Jae Woong tulił Sarę, próbując ochronić przed nienawistnymi spojrzeniami zazdrosnych dziewcząt. Zewsząd dolatywały okrzyki. Niektóre były przychylne, pełne radości z faktu, że znalazł swoją drugą połówkę, inne zaś mniej przyjemne, przesycone wrogością.

– Nie bój się – szepnął do Sary.

Kiwnęła głową, dając mu znak, że się nie boi, ale tak naprawę właśnie w tamtej chwili zrozumiała, że nic już nie będzie takie samo jak dawniej. Mocniej zacisnęła palce na dłoni chłopaka. Próbowała być dzielna. Przecież właśnie tego chciała. Przecież najważniejszy był Jae Woong i jego miłość. Ale w środku coś ściskało jej żołądek.

 

* * *

 

Z tyłu sceny czekali na nich pozostali członkowie zespołu i pan Lee, który, poczerwieniały ze zdenerwowania, wycierał spoconą twarz kraciastą chustką.

– No, no, nie spodziewałem się. – Min Seo klepnął Jae Woonga w ramię. – Miałeś jaja, żeby tak publicznie wyznać miłość. – Przeniósł wzrok na nieco oszołomioną dziewczynę. – Więc to jest ta twoja tajemnicza wybranka?

– Co za skandal! – Pan Lee przepchnął się do Jae Woonga i wycelował w niego wskazujący palec. – I taka nieodpowiedzialność! Czy wiesz, co właśnie zrobiłeś? Być może przekreśliłeś dalszą karierę Ol4u! Fani ci tego nie darują!

– Być może właśnie zrobiłem coś, co sprawi, że będę szczęśliwy – odpowiedział chłopak spokojnym tonem, spoglądając menadżerowi prosto w oczy. – Poza tym, raczę panu przypomnieć, że realia nieco się zmieniły i teraz to pan pracuje u mnie, a nie ja u pana.
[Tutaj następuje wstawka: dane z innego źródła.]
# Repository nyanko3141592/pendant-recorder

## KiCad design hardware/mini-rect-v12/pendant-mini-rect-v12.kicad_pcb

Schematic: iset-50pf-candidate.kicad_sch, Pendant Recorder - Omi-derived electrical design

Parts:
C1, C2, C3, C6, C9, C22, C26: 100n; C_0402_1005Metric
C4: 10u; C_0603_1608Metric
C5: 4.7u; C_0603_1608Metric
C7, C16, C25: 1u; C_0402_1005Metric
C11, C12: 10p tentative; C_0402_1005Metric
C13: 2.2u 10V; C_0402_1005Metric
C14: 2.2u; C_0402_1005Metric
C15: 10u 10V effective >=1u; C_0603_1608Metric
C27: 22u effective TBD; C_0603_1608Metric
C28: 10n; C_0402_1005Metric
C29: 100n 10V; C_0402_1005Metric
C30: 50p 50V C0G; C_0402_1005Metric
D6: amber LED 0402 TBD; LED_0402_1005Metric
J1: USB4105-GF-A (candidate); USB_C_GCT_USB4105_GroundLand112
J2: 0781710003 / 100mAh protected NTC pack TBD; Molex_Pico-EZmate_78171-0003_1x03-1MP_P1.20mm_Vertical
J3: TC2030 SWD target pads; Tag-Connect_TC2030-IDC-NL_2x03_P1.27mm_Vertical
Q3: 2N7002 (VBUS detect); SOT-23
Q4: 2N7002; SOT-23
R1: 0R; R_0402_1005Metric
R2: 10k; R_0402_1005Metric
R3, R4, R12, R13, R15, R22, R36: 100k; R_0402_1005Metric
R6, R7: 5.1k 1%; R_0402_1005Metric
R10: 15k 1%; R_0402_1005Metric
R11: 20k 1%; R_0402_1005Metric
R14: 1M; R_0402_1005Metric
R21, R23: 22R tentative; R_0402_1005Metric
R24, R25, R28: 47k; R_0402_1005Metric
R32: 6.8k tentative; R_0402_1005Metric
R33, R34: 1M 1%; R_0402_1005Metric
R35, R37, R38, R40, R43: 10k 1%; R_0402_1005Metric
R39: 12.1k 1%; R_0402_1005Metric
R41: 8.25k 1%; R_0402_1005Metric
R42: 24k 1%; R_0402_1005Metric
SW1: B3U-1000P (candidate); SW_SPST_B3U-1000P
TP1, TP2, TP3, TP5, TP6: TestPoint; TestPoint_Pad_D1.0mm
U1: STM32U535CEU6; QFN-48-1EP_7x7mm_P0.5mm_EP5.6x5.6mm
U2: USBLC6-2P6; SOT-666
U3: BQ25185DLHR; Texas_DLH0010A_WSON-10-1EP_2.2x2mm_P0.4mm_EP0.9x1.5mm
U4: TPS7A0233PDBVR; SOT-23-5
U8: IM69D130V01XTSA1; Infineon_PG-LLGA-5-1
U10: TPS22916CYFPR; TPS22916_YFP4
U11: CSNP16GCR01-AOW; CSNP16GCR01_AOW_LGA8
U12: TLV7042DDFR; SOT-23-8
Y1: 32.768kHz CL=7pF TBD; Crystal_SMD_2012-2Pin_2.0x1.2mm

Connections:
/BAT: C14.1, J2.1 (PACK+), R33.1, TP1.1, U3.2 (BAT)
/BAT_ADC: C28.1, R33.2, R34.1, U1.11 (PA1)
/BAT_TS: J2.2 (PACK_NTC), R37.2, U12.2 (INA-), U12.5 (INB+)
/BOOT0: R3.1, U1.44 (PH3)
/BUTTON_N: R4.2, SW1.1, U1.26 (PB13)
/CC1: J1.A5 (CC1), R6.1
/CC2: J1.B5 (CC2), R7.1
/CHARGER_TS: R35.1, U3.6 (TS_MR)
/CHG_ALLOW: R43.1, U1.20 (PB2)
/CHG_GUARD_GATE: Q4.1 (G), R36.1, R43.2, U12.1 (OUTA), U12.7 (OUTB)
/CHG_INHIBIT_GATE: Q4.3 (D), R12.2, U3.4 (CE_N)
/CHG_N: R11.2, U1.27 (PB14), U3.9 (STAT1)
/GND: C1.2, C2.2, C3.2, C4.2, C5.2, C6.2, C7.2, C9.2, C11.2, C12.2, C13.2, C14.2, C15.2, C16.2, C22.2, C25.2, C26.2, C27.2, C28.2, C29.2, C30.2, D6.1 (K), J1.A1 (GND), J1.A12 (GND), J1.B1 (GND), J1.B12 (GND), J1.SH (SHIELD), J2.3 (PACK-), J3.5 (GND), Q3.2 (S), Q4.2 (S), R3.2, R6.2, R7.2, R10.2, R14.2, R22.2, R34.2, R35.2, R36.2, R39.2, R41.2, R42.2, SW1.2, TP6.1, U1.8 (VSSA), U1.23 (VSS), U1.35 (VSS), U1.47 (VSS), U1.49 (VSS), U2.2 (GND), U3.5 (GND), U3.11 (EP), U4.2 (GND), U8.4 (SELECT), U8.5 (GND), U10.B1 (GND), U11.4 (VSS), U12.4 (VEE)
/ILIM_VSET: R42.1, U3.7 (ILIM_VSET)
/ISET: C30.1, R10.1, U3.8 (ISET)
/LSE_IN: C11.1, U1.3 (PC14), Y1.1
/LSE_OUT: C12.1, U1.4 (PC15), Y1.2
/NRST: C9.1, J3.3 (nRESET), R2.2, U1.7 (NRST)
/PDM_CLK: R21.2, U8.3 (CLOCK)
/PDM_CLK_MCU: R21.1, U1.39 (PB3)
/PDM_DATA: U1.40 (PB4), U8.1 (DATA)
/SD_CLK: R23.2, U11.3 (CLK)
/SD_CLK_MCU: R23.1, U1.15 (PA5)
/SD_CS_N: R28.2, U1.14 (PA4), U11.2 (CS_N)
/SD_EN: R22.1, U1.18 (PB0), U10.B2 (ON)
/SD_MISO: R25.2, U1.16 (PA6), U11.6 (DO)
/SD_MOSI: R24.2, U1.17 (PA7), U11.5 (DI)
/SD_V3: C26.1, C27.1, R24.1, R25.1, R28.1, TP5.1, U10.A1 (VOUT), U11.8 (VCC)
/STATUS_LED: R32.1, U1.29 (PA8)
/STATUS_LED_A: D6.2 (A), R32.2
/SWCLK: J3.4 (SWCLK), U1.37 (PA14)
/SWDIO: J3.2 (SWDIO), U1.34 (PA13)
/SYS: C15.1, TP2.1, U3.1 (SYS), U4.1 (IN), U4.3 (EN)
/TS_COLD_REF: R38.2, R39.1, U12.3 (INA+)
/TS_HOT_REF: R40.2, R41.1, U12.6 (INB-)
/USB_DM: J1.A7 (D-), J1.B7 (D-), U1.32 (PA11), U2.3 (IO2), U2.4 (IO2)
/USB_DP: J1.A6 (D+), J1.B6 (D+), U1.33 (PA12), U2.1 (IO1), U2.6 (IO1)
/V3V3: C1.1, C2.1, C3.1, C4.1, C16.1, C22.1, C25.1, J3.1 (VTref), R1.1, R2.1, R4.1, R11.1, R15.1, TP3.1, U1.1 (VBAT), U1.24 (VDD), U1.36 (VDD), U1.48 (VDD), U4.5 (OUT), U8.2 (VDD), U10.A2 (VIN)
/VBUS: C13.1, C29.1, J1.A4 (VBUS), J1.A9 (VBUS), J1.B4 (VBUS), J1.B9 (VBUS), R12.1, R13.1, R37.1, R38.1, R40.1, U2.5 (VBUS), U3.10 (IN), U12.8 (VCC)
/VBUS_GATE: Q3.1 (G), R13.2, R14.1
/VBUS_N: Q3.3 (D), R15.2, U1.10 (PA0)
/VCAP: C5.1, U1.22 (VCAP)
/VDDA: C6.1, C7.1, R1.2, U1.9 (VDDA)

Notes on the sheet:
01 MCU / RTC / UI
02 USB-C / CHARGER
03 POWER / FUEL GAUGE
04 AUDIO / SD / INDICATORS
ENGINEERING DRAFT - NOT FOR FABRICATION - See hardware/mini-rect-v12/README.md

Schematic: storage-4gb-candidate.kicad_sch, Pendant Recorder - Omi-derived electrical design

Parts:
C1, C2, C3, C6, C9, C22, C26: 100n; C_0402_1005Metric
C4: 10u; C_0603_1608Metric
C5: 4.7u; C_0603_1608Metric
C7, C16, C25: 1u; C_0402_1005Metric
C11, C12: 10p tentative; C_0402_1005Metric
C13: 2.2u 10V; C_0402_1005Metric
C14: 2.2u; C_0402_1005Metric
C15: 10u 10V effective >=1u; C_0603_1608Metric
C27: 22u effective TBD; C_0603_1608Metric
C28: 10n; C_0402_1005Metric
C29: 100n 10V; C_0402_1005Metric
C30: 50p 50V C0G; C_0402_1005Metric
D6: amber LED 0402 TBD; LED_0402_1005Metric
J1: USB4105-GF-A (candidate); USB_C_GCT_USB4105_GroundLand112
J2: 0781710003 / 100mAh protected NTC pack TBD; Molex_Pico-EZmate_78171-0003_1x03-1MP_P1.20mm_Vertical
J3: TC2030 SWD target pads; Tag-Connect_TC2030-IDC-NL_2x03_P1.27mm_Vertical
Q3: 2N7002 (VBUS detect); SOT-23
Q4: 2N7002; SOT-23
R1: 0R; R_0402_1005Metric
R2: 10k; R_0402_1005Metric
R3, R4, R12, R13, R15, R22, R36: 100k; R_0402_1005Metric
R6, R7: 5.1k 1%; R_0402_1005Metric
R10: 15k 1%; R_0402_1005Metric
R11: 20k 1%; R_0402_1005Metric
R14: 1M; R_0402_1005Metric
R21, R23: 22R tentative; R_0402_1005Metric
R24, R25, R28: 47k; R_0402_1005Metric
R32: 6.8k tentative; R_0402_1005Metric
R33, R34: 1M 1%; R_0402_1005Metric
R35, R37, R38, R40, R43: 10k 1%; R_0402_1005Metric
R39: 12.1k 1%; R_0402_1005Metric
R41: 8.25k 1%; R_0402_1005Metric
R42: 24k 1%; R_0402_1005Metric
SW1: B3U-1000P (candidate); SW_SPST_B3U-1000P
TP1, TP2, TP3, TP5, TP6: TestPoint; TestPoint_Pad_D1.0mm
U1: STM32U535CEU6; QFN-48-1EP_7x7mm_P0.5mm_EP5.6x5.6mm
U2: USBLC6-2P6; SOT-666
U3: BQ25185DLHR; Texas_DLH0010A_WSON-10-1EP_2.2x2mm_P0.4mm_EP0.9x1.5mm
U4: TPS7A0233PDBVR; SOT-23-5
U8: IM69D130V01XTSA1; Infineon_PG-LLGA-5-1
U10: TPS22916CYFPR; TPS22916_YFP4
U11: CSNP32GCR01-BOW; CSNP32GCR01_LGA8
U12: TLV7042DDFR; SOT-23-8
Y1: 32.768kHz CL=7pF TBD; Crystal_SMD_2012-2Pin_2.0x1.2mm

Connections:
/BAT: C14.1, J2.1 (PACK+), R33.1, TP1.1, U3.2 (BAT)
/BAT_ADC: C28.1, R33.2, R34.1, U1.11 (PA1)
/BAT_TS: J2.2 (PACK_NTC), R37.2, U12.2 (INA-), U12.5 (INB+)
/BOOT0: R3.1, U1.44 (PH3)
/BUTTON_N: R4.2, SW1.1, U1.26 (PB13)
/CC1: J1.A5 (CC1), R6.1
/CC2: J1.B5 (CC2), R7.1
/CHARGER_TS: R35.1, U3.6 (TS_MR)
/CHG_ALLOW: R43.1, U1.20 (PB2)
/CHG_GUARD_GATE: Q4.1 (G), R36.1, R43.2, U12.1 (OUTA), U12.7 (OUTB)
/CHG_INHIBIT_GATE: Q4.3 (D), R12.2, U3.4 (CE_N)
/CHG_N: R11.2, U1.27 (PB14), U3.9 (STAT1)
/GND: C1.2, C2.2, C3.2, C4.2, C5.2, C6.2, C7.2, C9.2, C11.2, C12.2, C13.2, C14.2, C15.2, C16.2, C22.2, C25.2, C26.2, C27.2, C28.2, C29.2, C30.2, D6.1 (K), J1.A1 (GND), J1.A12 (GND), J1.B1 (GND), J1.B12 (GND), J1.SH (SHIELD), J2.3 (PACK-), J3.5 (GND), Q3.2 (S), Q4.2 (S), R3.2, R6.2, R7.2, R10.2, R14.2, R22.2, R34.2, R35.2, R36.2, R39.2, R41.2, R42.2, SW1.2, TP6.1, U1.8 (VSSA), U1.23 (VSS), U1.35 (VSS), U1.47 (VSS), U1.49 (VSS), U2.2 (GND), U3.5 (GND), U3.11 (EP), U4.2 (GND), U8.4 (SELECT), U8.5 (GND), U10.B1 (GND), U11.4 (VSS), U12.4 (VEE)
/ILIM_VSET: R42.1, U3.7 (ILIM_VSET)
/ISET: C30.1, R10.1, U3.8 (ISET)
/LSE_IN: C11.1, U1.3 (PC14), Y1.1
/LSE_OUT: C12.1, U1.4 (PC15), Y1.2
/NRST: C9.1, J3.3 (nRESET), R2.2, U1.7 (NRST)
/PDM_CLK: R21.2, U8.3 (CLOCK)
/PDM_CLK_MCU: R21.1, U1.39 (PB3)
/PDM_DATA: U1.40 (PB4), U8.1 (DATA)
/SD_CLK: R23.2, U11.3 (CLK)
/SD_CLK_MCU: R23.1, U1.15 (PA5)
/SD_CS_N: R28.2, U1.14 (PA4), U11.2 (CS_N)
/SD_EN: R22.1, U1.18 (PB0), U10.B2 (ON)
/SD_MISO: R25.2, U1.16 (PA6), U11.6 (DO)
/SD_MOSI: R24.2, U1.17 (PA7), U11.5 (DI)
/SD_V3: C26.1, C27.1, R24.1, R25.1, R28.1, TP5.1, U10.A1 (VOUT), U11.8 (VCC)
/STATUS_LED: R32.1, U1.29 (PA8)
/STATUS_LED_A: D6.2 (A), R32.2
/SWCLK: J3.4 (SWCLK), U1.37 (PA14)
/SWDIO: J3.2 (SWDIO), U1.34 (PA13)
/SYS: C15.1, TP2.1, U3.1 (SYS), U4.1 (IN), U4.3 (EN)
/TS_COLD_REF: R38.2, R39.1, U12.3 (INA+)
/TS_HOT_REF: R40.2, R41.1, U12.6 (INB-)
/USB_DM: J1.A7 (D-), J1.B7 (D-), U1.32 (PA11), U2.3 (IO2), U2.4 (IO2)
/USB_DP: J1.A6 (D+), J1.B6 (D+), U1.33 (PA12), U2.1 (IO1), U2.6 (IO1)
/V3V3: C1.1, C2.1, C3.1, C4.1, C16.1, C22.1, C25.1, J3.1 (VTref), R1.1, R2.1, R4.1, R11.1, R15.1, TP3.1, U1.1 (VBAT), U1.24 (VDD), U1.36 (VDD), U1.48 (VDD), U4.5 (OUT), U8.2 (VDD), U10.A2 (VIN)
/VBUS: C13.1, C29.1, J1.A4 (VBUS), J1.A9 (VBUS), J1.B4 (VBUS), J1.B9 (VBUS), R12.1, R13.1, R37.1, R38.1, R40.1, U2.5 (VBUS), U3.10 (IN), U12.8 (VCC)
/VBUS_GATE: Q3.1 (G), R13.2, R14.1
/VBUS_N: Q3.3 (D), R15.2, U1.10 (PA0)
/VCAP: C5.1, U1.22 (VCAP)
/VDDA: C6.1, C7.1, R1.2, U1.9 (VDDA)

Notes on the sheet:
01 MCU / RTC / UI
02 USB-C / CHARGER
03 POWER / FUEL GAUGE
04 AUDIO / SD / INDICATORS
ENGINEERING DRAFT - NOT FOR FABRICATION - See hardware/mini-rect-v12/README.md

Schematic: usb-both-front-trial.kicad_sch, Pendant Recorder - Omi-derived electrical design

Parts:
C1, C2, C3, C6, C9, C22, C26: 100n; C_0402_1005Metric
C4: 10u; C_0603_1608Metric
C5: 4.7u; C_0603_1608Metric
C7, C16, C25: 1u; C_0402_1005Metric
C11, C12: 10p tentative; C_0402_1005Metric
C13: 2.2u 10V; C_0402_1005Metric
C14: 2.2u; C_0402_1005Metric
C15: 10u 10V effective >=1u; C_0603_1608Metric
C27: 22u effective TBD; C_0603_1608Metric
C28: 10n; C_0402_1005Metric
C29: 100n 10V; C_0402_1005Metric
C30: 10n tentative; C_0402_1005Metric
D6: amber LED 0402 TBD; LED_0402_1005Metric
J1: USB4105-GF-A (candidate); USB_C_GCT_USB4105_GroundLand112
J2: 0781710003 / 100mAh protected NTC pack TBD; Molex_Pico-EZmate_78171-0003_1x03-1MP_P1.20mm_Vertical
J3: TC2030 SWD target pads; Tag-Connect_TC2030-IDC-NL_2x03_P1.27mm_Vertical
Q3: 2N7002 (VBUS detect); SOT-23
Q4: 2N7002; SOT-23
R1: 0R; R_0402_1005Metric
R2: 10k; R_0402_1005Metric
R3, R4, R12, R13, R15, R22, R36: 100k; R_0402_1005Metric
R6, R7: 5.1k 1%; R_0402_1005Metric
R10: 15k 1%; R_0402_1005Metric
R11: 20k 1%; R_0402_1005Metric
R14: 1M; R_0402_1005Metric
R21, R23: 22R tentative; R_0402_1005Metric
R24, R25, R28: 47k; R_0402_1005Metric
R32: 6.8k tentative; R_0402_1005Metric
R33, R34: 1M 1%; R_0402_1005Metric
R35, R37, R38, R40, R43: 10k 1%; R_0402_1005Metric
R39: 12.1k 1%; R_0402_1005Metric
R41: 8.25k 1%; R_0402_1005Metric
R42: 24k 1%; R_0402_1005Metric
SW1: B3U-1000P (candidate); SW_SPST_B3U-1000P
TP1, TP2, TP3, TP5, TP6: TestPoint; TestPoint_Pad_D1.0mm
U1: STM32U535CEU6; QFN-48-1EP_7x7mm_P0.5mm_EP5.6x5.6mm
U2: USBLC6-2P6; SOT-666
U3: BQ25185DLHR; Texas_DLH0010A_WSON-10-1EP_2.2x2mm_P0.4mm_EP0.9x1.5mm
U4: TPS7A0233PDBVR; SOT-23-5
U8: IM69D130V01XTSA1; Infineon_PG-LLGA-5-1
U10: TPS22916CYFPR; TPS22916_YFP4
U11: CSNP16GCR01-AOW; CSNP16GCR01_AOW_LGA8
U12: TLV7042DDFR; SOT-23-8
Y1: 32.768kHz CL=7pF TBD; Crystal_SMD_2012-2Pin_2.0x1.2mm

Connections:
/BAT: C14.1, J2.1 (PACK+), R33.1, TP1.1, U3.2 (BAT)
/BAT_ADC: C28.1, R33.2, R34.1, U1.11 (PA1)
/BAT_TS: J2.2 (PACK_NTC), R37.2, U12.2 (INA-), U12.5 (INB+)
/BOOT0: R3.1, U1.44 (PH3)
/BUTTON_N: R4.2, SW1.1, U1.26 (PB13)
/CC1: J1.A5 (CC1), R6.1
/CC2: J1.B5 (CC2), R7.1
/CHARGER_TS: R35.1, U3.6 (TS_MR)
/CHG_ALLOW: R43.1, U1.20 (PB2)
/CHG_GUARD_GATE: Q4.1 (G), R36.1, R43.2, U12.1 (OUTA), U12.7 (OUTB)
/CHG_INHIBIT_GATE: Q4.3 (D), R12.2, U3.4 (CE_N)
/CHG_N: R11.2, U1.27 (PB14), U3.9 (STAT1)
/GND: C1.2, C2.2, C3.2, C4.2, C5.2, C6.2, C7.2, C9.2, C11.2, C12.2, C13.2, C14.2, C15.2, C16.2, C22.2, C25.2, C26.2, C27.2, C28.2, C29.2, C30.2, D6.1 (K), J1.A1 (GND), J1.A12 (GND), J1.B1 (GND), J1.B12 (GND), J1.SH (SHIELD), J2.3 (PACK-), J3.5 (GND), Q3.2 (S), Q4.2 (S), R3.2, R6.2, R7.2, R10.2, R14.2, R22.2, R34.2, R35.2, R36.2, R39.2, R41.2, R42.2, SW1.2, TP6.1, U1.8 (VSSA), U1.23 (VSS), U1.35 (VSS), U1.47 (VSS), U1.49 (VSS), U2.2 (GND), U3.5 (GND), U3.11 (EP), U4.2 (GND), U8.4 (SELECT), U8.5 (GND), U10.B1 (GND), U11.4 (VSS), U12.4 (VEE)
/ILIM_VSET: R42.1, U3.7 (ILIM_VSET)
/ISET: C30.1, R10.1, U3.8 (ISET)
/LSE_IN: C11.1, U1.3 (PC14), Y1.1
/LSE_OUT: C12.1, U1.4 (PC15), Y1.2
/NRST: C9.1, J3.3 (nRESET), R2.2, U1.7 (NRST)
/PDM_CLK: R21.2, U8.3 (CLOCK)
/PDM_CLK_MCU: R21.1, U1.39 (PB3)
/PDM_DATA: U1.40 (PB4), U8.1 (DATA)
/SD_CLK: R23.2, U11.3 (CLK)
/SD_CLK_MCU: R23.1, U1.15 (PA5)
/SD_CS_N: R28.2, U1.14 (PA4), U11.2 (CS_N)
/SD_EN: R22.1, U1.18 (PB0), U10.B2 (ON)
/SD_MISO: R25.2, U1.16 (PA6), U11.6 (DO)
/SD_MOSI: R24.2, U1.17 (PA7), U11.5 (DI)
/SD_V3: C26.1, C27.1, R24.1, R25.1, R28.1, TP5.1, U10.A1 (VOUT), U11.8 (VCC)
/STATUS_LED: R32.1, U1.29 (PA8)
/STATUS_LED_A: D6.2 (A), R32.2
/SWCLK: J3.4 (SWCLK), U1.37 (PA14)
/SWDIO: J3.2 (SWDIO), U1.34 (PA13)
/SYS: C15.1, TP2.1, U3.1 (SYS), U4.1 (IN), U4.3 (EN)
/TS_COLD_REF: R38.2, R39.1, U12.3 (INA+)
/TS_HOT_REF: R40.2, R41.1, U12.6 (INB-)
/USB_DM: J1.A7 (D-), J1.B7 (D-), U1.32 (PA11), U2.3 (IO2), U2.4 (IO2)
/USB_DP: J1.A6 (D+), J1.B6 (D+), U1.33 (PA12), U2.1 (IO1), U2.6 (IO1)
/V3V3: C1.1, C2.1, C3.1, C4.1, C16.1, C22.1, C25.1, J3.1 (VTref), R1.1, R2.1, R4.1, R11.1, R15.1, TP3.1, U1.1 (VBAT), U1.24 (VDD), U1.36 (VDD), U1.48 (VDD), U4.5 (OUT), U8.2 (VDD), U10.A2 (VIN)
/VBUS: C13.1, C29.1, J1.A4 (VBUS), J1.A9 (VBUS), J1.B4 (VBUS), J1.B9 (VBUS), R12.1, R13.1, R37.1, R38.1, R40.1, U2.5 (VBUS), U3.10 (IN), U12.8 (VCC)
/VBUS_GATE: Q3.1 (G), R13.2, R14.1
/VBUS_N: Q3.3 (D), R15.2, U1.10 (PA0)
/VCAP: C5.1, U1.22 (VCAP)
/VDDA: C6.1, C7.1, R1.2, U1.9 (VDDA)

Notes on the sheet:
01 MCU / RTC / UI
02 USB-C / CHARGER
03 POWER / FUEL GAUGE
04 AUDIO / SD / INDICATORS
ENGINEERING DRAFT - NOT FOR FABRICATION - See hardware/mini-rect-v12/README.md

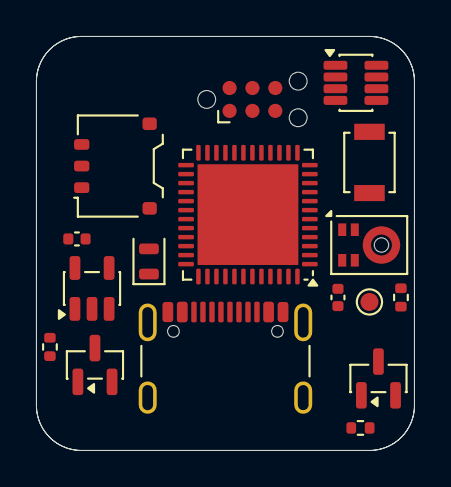
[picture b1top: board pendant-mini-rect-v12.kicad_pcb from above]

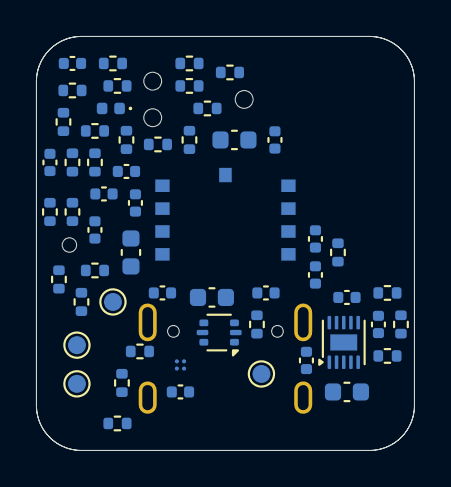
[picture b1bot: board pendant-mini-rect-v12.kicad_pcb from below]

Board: 6 copper layers, 21.0 x 23.0 mm, 72 parts (55 on the bottom side), 43 nets, no tracks yet.

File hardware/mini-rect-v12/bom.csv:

Reference,Part/value,Footprint,Design note
U1,STM32U535CEU6,Package_DFN_QFN:QFN-48-1EP_7x7mm_P0.5mm_EP5.6x5.6mm,512KB Flash/274KB RAM; non-SMPS UFQFPN48. PB3/PB4 ADF AF3; PA5/6/7 SPI1 AF5. VDD USB shared 3.3V. JLC acceptance and pin review pending.
C1,100n,Capacitor_SMD:C_0402_1005Metric,
C4,10u,Capacitor_SMD:C_0603_1608Metric,Main bulk capacitor; check startup and effective capacitance.
C9,100n,Capacitor_SMD:C_0402_1005Metric,
R2,10k,Resistor_SMD:R_0402_1005Metric,
Y1,32.768kHz CL=7pF TBD,Crystal:Crystal_SMD_2012-2Pin_2.0x1.2mm,
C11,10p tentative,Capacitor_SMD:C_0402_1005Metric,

Pan Lee ciężko przełknął ślinę. Wciąż nie mógł się pogodzić, że od kilku miesięcy Jae Woong był współwłaścicielem wytwórni. Krnąbrny młodzian, z którym użerał się przez tak długi okres i który przyprawiał go o nerwicę, zyskał pozycję przynależną Park Jin Sungowi. Bynajmniej nie osiągnął tego własną ciężką pracą, a dzięki rodzinnym powiązaniom. Swoją drogą, czyż nie zakrawało na istny chichot losu, że nędzna sierota okazała się nieślubnym synem prezesa Choi Tae Hyuna i jedynym spadkobiercą ogromnej fortuny?

– To może być koniec zespołu – mruknął niechętnie, obrzucając Sarę wrogim spojrzeniem.

Dziewczyna miała wrażenie, że ucisk w żołądku jeszcze bardziej się wzmógł. Zaczęła nawet zastanawiać się, czy zrobiła dobrze, odpowiadając na wyznanie Jae Woonga. Przeszło jej przez myśl, że może jeszcze ma szansę wyjść stąd, wrócić do domu i udawać, że nic się nie wydarzyło.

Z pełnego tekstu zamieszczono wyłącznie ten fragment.